Advanced non-small cell lung cancer is very challenging to treat, so recent study results on vorinostat hold great promise for patients, says Suresh Ramalingam (hematology/ oncology).

Ramalingam and his team added vorinostat to a standard chemotherapy regimen of carboplatin and paclitaxel in patients with advanced non-small cell lung cancer and found that the addition of the anti-tumor agent increased effectiveness of the treatment. The combination increased response rates from 12.5% to 34% and demonstrated favorable trends for progression-free survival and overall survival. 
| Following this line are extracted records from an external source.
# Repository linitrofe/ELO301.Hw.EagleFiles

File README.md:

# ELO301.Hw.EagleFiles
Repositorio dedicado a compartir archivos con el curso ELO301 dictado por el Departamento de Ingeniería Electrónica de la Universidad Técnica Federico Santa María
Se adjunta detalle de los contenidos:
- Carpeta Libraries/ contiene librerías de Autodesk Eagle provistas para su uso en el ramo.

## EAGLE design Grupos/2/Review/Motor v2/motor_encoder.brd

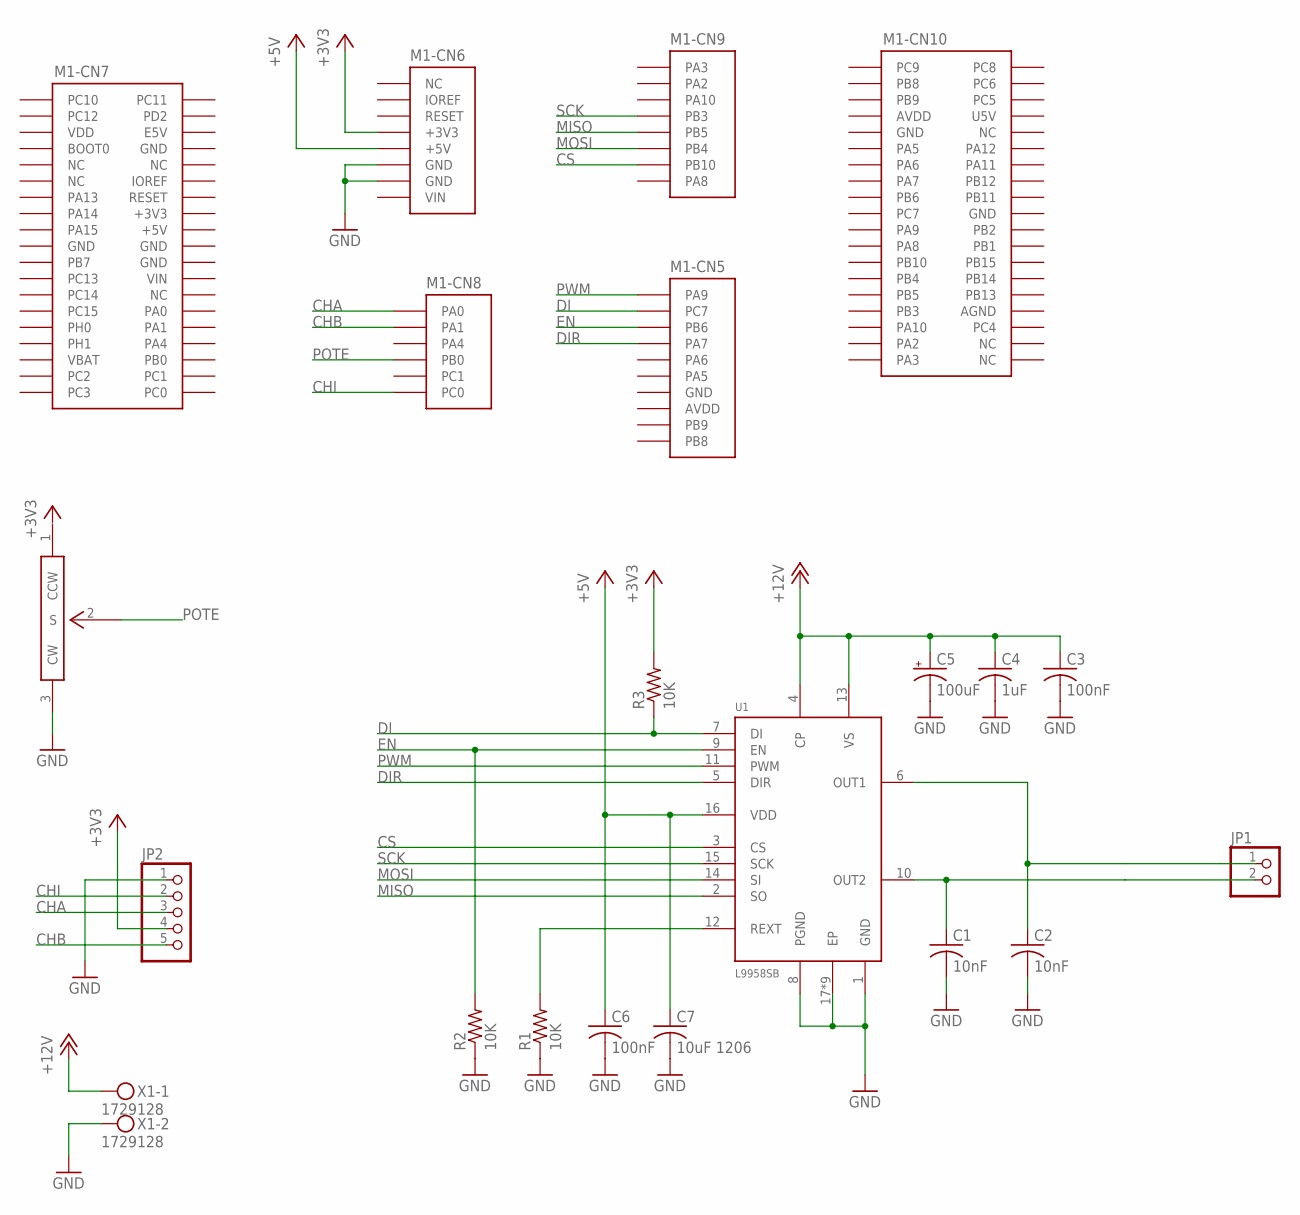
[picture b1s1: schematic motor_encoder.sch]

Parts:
C1, C2: 10nF; C0805; PARTNO GRM2195C1H103JA01D
C3, C6: 100nF; C0805; PARTNO GCM21BR72A104KA37L
C4: 1uF; C0805; PARTNO GCJ219R71C105KA01D
C5: 100uF; F80-UNITE_CHEMI-CON; PARTNO EMVE250ADA101MF80G
C7: 10uF 1206; C1206
JP1: PINHD-1X2; 1X02
JP2: PINHD-1X5; 1X05
M1: NUCLEO-L452RE; NUCLEO-64
R1, R2, R3: 10K; R0805; PARTNO RC0805FR-0710KL
U1: L9958SB; POWERSO-16; PARTNO L9958SB
VR1: P160KN-0QD15B10K; PARTNO P160KN-0QD15B10K
X1: 1729128; MKDSN1,5/2-5,08; PARTNO 1729128

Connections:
+3V3: JP2.4, M1.CN6-4 (+3V3), M1.CN7-16 (+3V3), R3.2
+5V: C6.1, C7.1, M1.CN6-5 (+5V), M1.CN7-18 (+5V), U1.16 (VDD)
+12V: C3.1, C4.1, C5.1 (+), U1.4 (CP), U1.13 (VS), X1.1
AGND: M1.CN10-32 (AGND)
AVDD: M1.CN5-8 (AVDD), M1.CN10-7 (AVDD)
CHA: JP2.3, M1.CN8-1 (PA0)
CHB: JP2.5, M1.CN8-2 (PA1)
CHI: JP2.2, M1.CN8-6 (PC0)
CS: M1.CN9-7 (PB10), U1.3 (CS)
DI: M1.CN5-2 (PC7), R3.1, U1.7 (DI)
DIR: M1.CN5-4 (PA7), U1.5 (DIR)
EN: M1.CN5-3 (PB6), R2.2, U1.9 (EN)
GND: C1.2, C2.2, C3.2, C4.2, C5.2 (-), C6.2, C7.2, JP2.1, M1.CN5-7 (GND), M1.CN6-6 (GND), M1.CN6-7 (GND), M1.CN7-8 (GND), M1.CN7-19 (GND), M1.CN7-20 (GND), M1.CN7-22 (GND), M1.CN10-9 (GND), M1.CN10-20 (GND), R1.1, R2.1, U1.1 (GND), U1.8 (PGND), U1.17 (EP), U1.18 (EP), U1.19 (EP), U1.20 (EP), U1.21 (EP), U1.22 (EP), U1.23 (EP), U1.24 (EP), U1.25 (EP), VR1.3 (CW), X1.2
IOREF: M1.CN6-2 (IOREF)
MISO: M1.CN9-5 (PB5), U1.2 (SO)
MOSI: M1.CN9-6 (PB4), U1.14 (SI)
unnamed: C1.1, JP1.2, U1.10 (OUT2)
unnamed: C2.1, JP1.1, U1.6 (OUT1)
unnamed: R1.2, U1.12 (REXT)
POTE: M1.CN8-4 (PB0), VR1.2 (S)
PWM: M1.CN5-1 (PA9), U1.11 (PWM)
SCK: M1.CN9-4 (PB3), U1.15 (SCK)
U5V: M1.CN10-8 (U5V)
VBAT: M1.CN7-33 (VBAT)
VDD: M1.CN7-5 (VDD)
VIN: M1.CN6-8 (VIN), M1.CN7-24 (VIN)

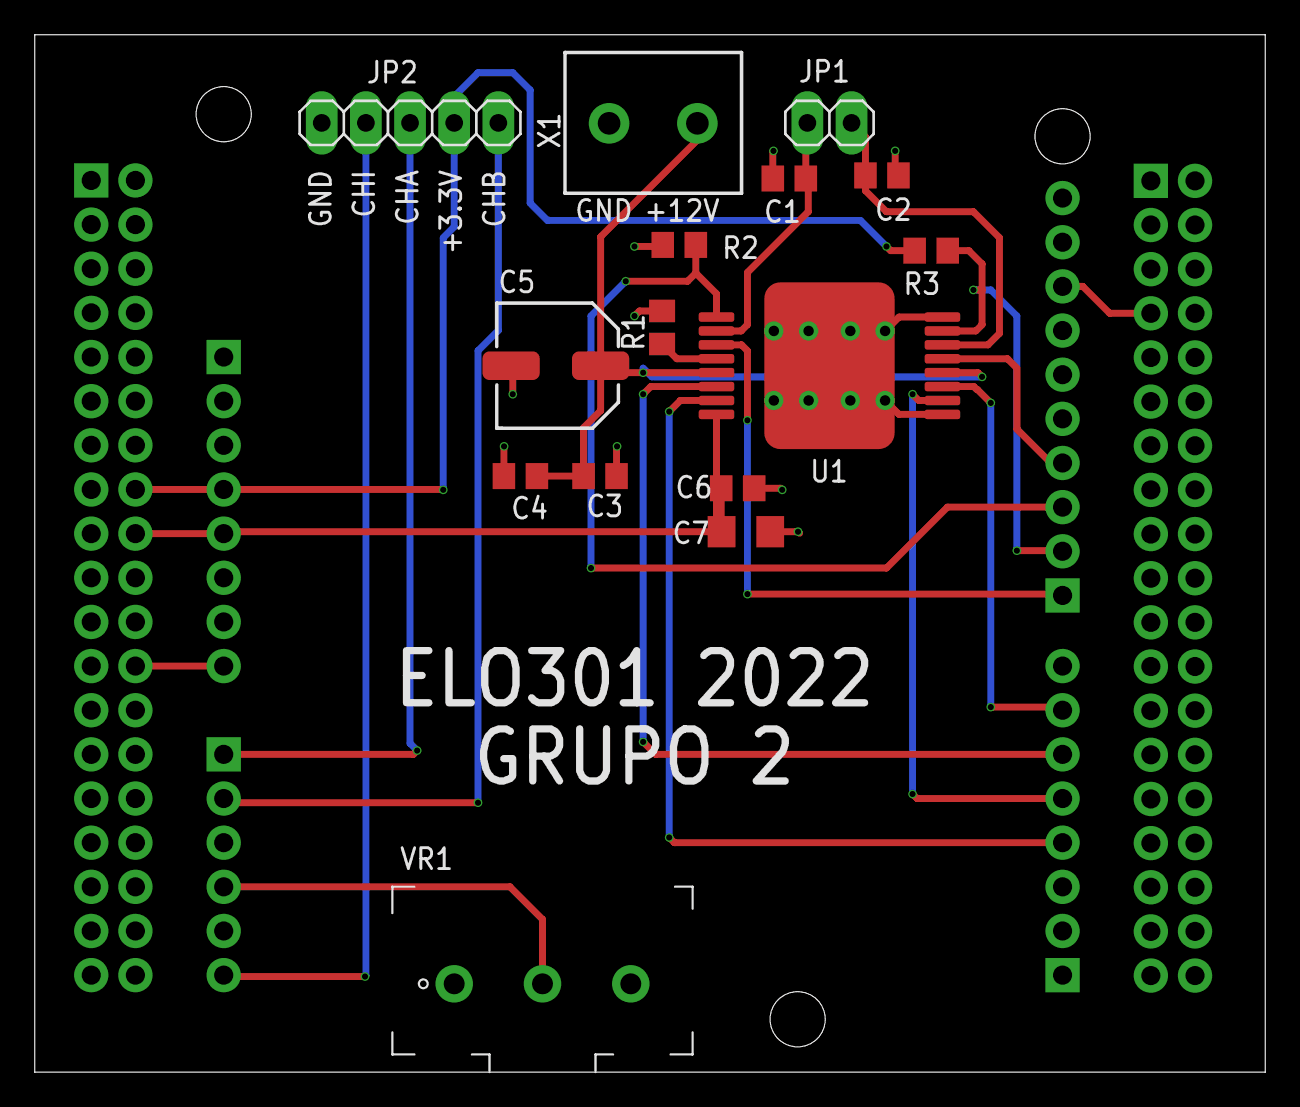
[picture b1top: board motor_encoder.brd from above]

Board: 2 copper layers, 70.8 x 59.7 mm, 16 parts (0 on the bottom side), 21 nets.

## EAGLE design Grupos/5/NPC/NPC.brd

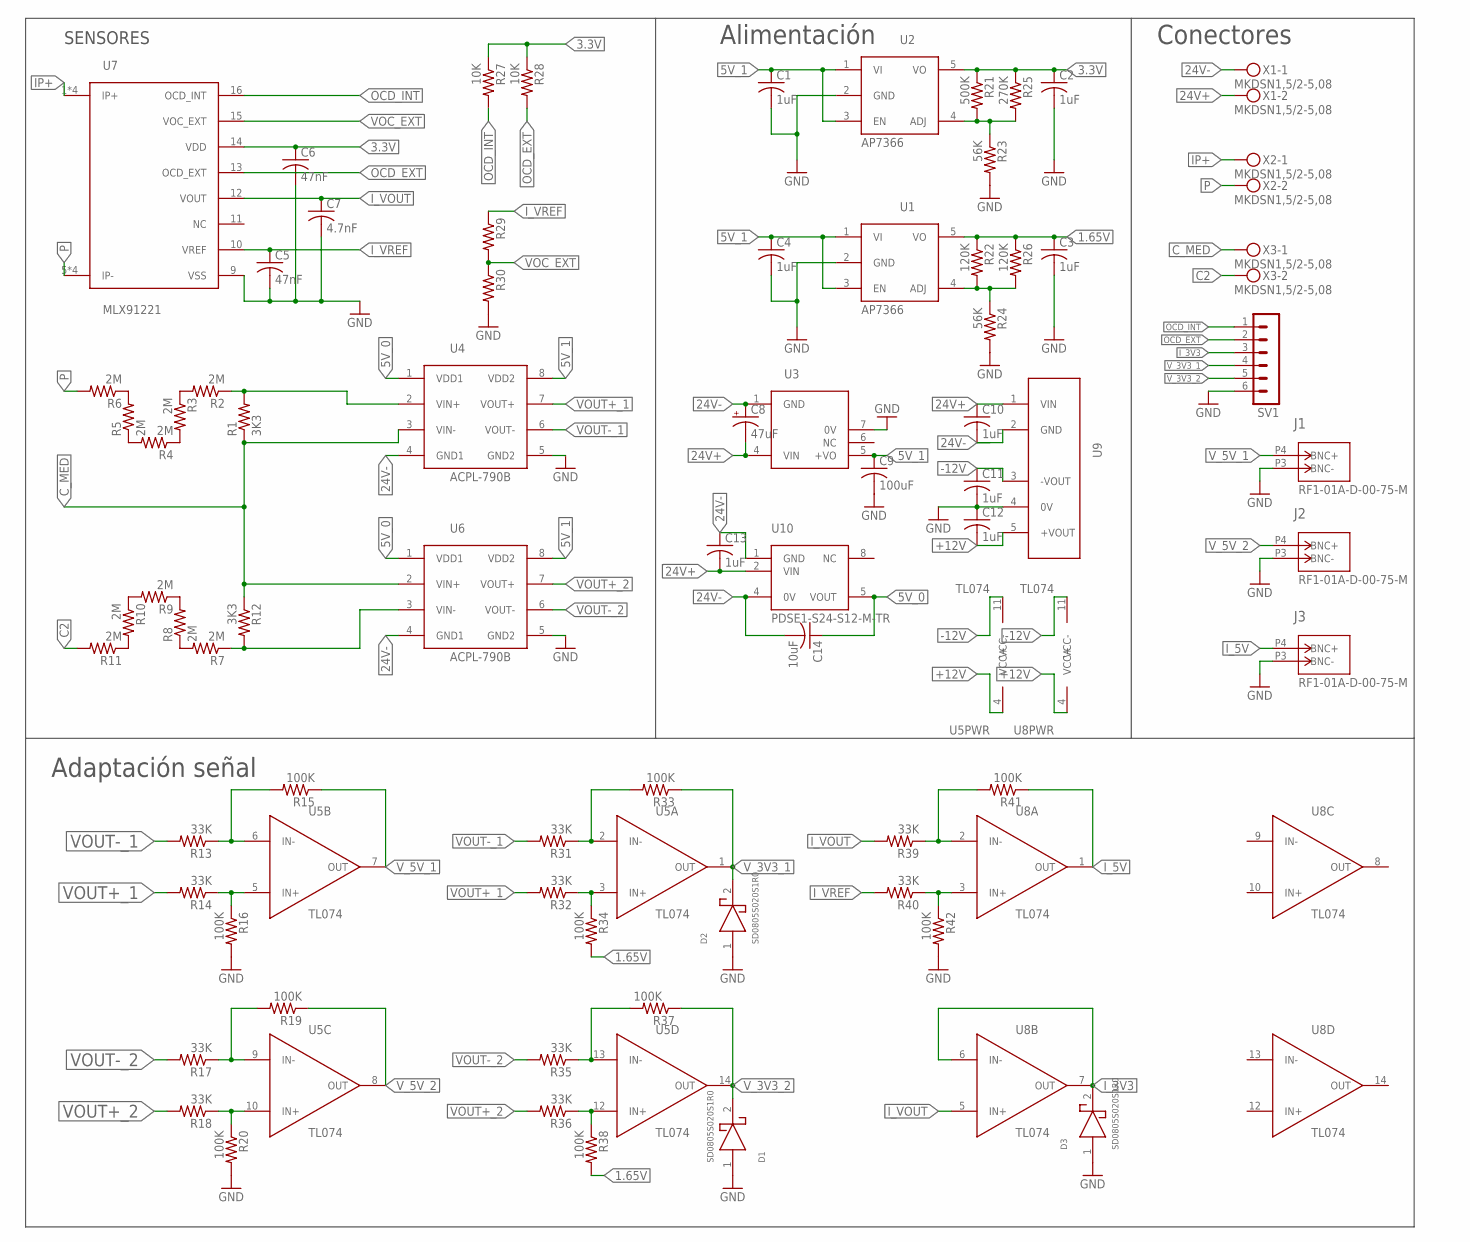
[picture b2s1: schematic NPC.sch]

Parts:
C1, C2, C3, C4, C10, C11, C12, C13: 1uF; C0805; PARTNO GRM219R61H105KA73D
C5, C6: 47nF; C0805; PARTNO CC0805JRX7R7BB473
C7: 4.7nF; C0805; PARTNO 0805ZC472KAT2A
C8: 47uF; 175TMP-0808; PARTNO HHXC630ARA470MHA0G
C9: 100uF; C0805; PARTNO GRM21BR60J107ME15L
C14: 10uF; C0805; PARTNO GRM21BC71C106KE11L
D1, D2, D3: SD0805S020S1R0; 0805; PARTNO SD0805S020S1R0
J1, J2, J3: RF1-01A-D-00-75-M; BNC; PARTNO RF1-01A-D-00-75-M
R1, R12: 3K3; R1206; PARTNO ERJ-S08F3301V
R2, R3, R4, R5, R6, R7, R8, R9, R10, R11: 2M; R1206; PARTNO RCV12062M00FKEA
R13, R14, R17, R18, R31, R32, R35, R36, R39, R40: 33K; M0805; PARTNO CR0805-FX-3302ELF
R15, R16, R19, R20, R33, R34, R37, R38, R41, R42: 100K; M0805; PARTNO CR0805-FX-1003ELF
R21: 500K; M0805; PARTNO CR0805-FX-4993ELF
R22, R26: 120K; M0805; PARTNO CRCW0805120KFKEAC
R23, R24: 56K; M0805; PARTNO CR0805-FX-5602ELF
R25: 270K; M0805; PARTNO CRCW0805270KFKEAC
R27, R28: 10K; M0805; PARTNO CR0805-FX-1002ELF
R29, R30: R-US_M0805; M0805
SV1: MA06-1; PARTNO M20-9750342
U1, U2: AP7366; SOT25; PARTNO AP7366-W5-7
U3: PQP3-D24-S5-M-TR; DIP-5; PARTNO PQP3-D24-S5-M-TR
U4, U6: ACPL-790B; DIP-8; PARTNO ACPL-790B-300E
U5, U8: TL074; SO-14; PARTNO TL074CDT
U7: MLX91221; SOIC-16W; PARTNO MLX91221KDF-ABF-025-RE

"These results also open the door to evaluate other drugs that belong to this class of compounds for treatment of non-small cell lung cancer," says Ramalingam.

Vorinostat is part of an emerging class of anti-tumor agents that interfere with enzymes known as histone deacetylases. Inhibiting these enzymes increases the level of acetylation, a reversible chemical modification, on proteins in the cell. Vorinostat may be affecting histones, abundant spool-like proteins around which the cell's DNA is wound, and other proteins important for cell division such as tubulin. Scientists believe these effects could enhance the DNA-damaging and cell division-inhibiting effects of carboplatin and paclitaxel, respectively.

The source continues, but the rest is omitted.